Let’s not pretend legality is a roadblock here. The Trump administration has already shown a willingness to ignore judicial rulings and operate with impunity, with no meaningful pushback from Congress. This is not about navigating the legal constraints of dismantling a federal agency — it is about seizing power and enforcing an ideological agenda without consequence. The courts will issue rulings (that are not enforced), Congress will posture (maybe?), and in the meantime, McMahon is gutting public education in real time. The Department of Education is being dismantled before anyone can stop it, and by the time the legal battles are settled, the damage will be irreversible. This is not governance.

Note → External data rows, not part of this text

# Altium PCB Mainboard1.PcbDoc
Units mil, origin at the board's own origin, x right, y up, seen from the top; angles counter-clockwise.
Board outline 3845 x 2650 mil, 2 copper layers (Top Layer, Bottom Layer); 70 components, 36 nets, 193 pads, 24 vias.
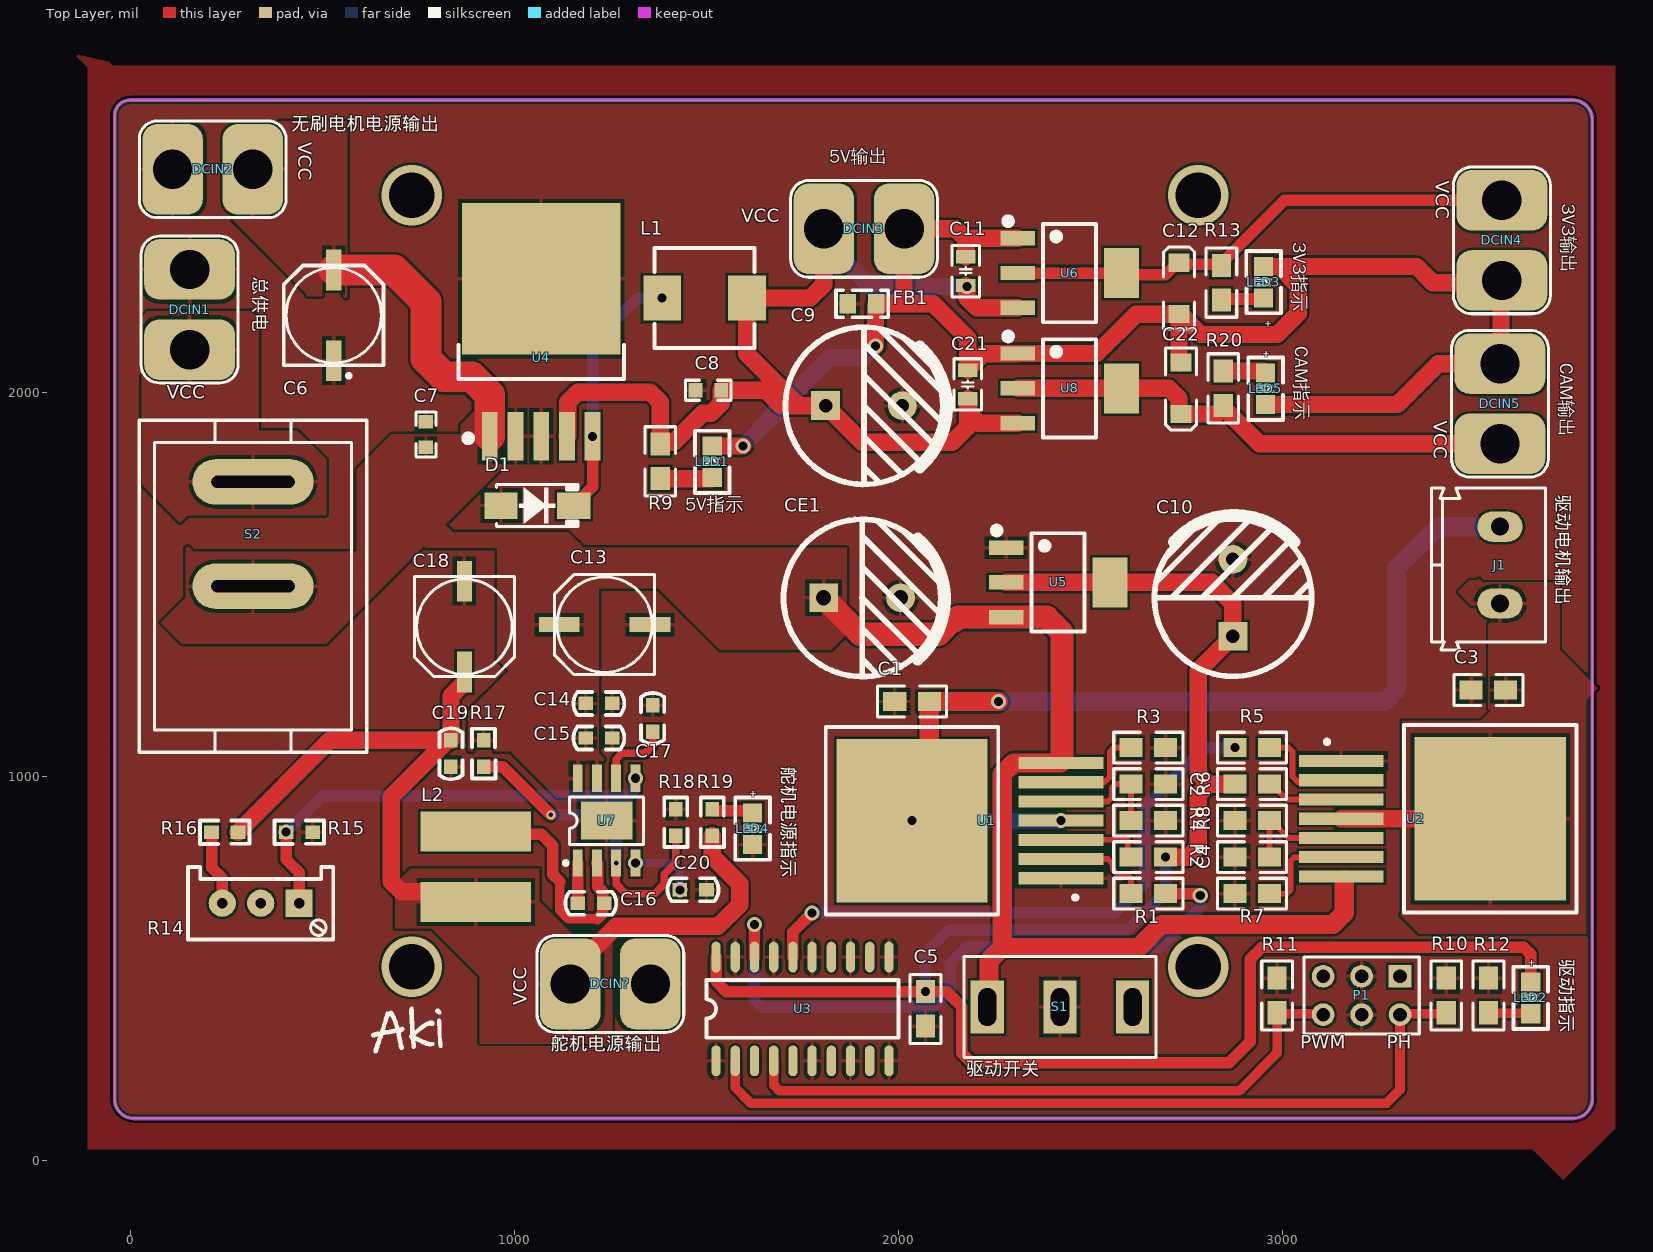
[diagram p0: Top Layer view]
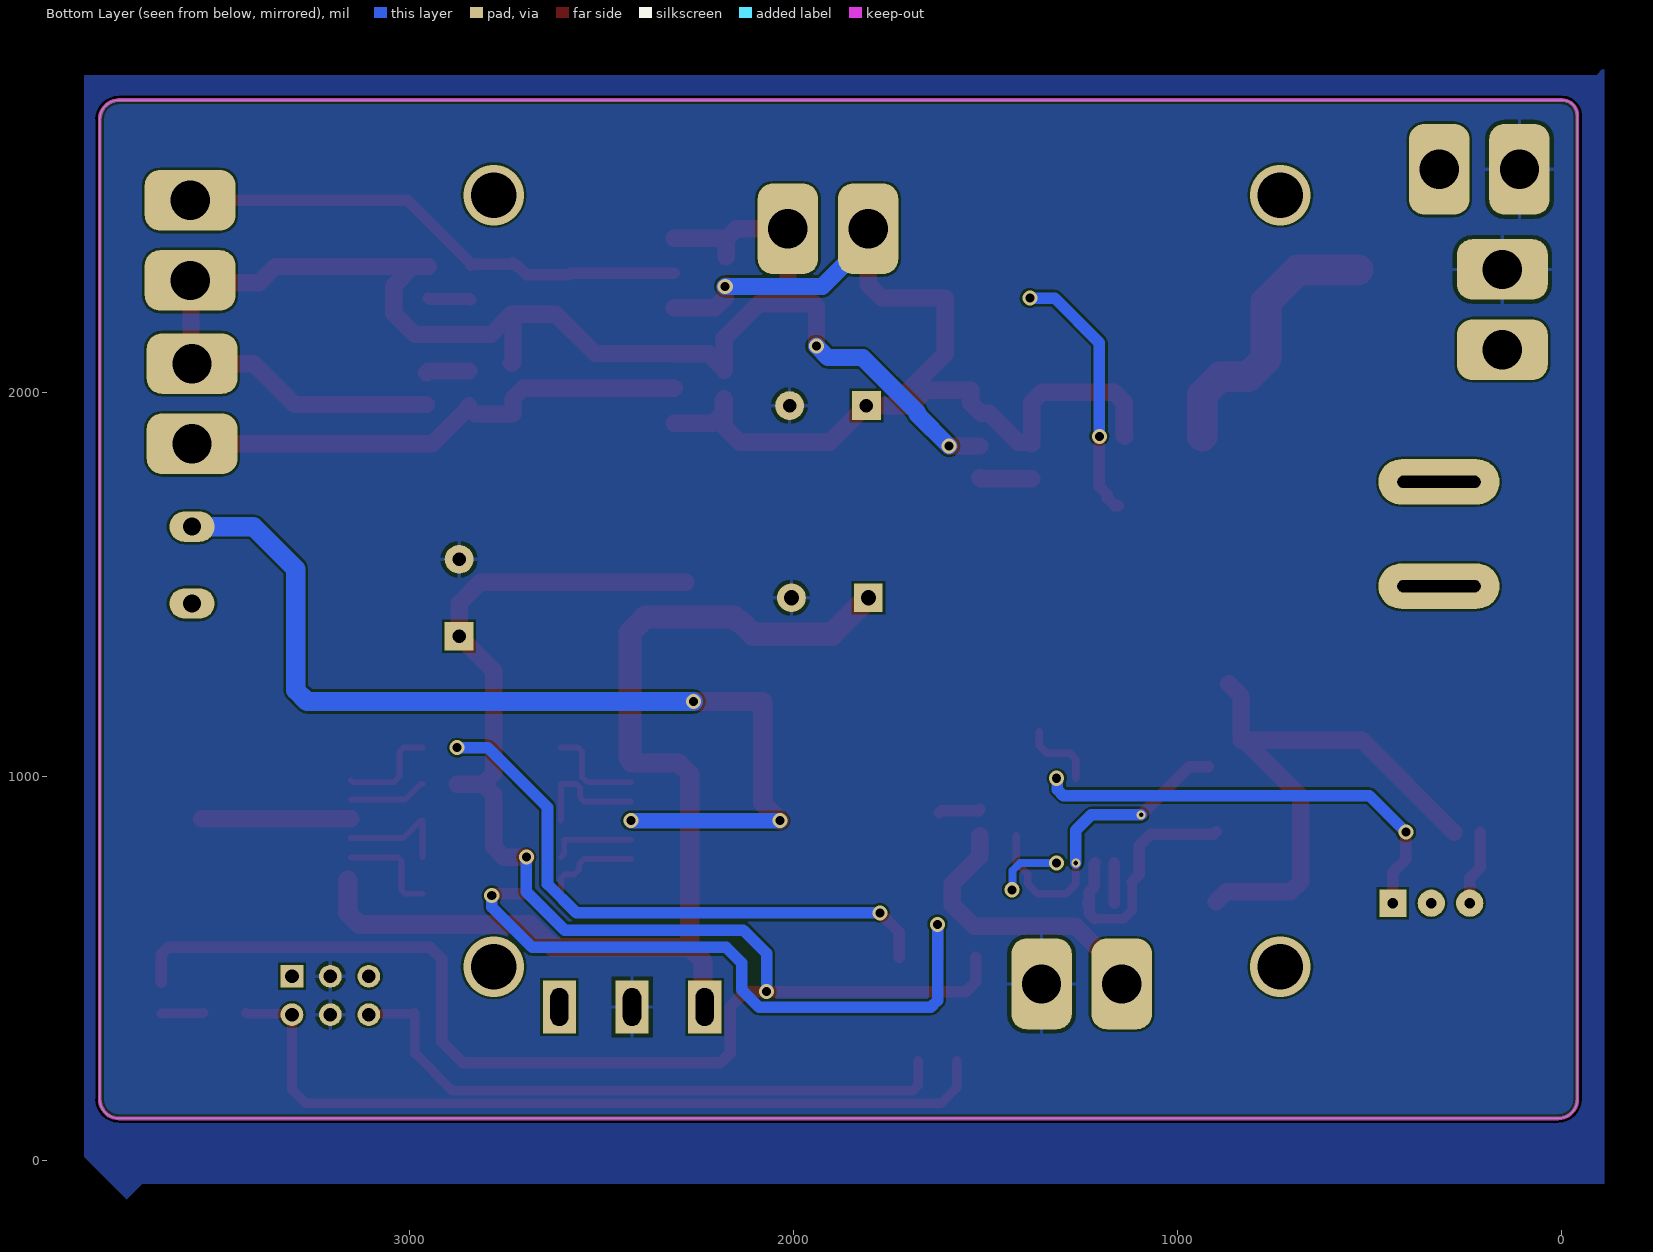
[diagram p1: Bottom Layer view, seen from below]

## Layer stack, top to bottom
Top Solder: solder mask 0.4, Solder Resist, Dk 3.5
Top Layer: signal copper 1.4
Dielectric 1: dielectric 12.6, FR-4, Dk 4.8
Bottom Layer: signal copper 1.4
Bottom Solder: solder mask 0.4, Solder Resist, Dk 3.5

## Board outline
10,110 cw(c10,160) -40,160 -40,2720 cw(c0,2720) 0,2760 3755,2760 cw(c3755,2710) 3805,2710 3805,160 cw(c3755,160) 3755,110

## Design rules (kind name [scope] priority, off if disabled: settings)
Clearance [All] p1: gap=6 ignorepadtopadclearanceinfootprint=FALSE
PolygonConnect [All] p1: connectstyle=Relief reliefconductorwidth=10 reliefentries=4 polygonreliefangle="90 Angle" airgapwidth=10
RoutingVias [All] p1: holewidth=28 width=50 viastyle="Through Hole" minholewidth=28 minwidth=50 maxholewidth=28 maxwidth=50
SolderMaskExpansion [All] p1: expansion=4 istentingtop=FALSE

It is a power grab, and one that your summit is choosing to legitimize by giving McMahon a stage.
So what exactly are we doing here? If your goal is to foster meaningful debate, why hand the stage to someone whose policies are actively eliminating the systems designed to provide educational access and equity? If McMahon has an actual plan beyond “let the states handle it,” let her put it in writing with clear, measurable outcomes. Otherwise, this is not a conversation — it is a victory lap for those turning out the lights on public education while pretending to champion opportunity.
ASU+GSV has spent years branding itself as the premier space for innovation in education. But what is the point of innovation when the fundamental infrastructure for equitable education is being torched? What good is shaping the future of learning when you are giving a platform to someone dismantling the present? Platforming McMahon is not neutrality — it is an endorsement, whether you want to admit it or not.
If your North Star truly guides you toward equity and access, then ask yourself what message this sends. Because right now, it looks less like a beacon for progress and more like a white flag of surrender.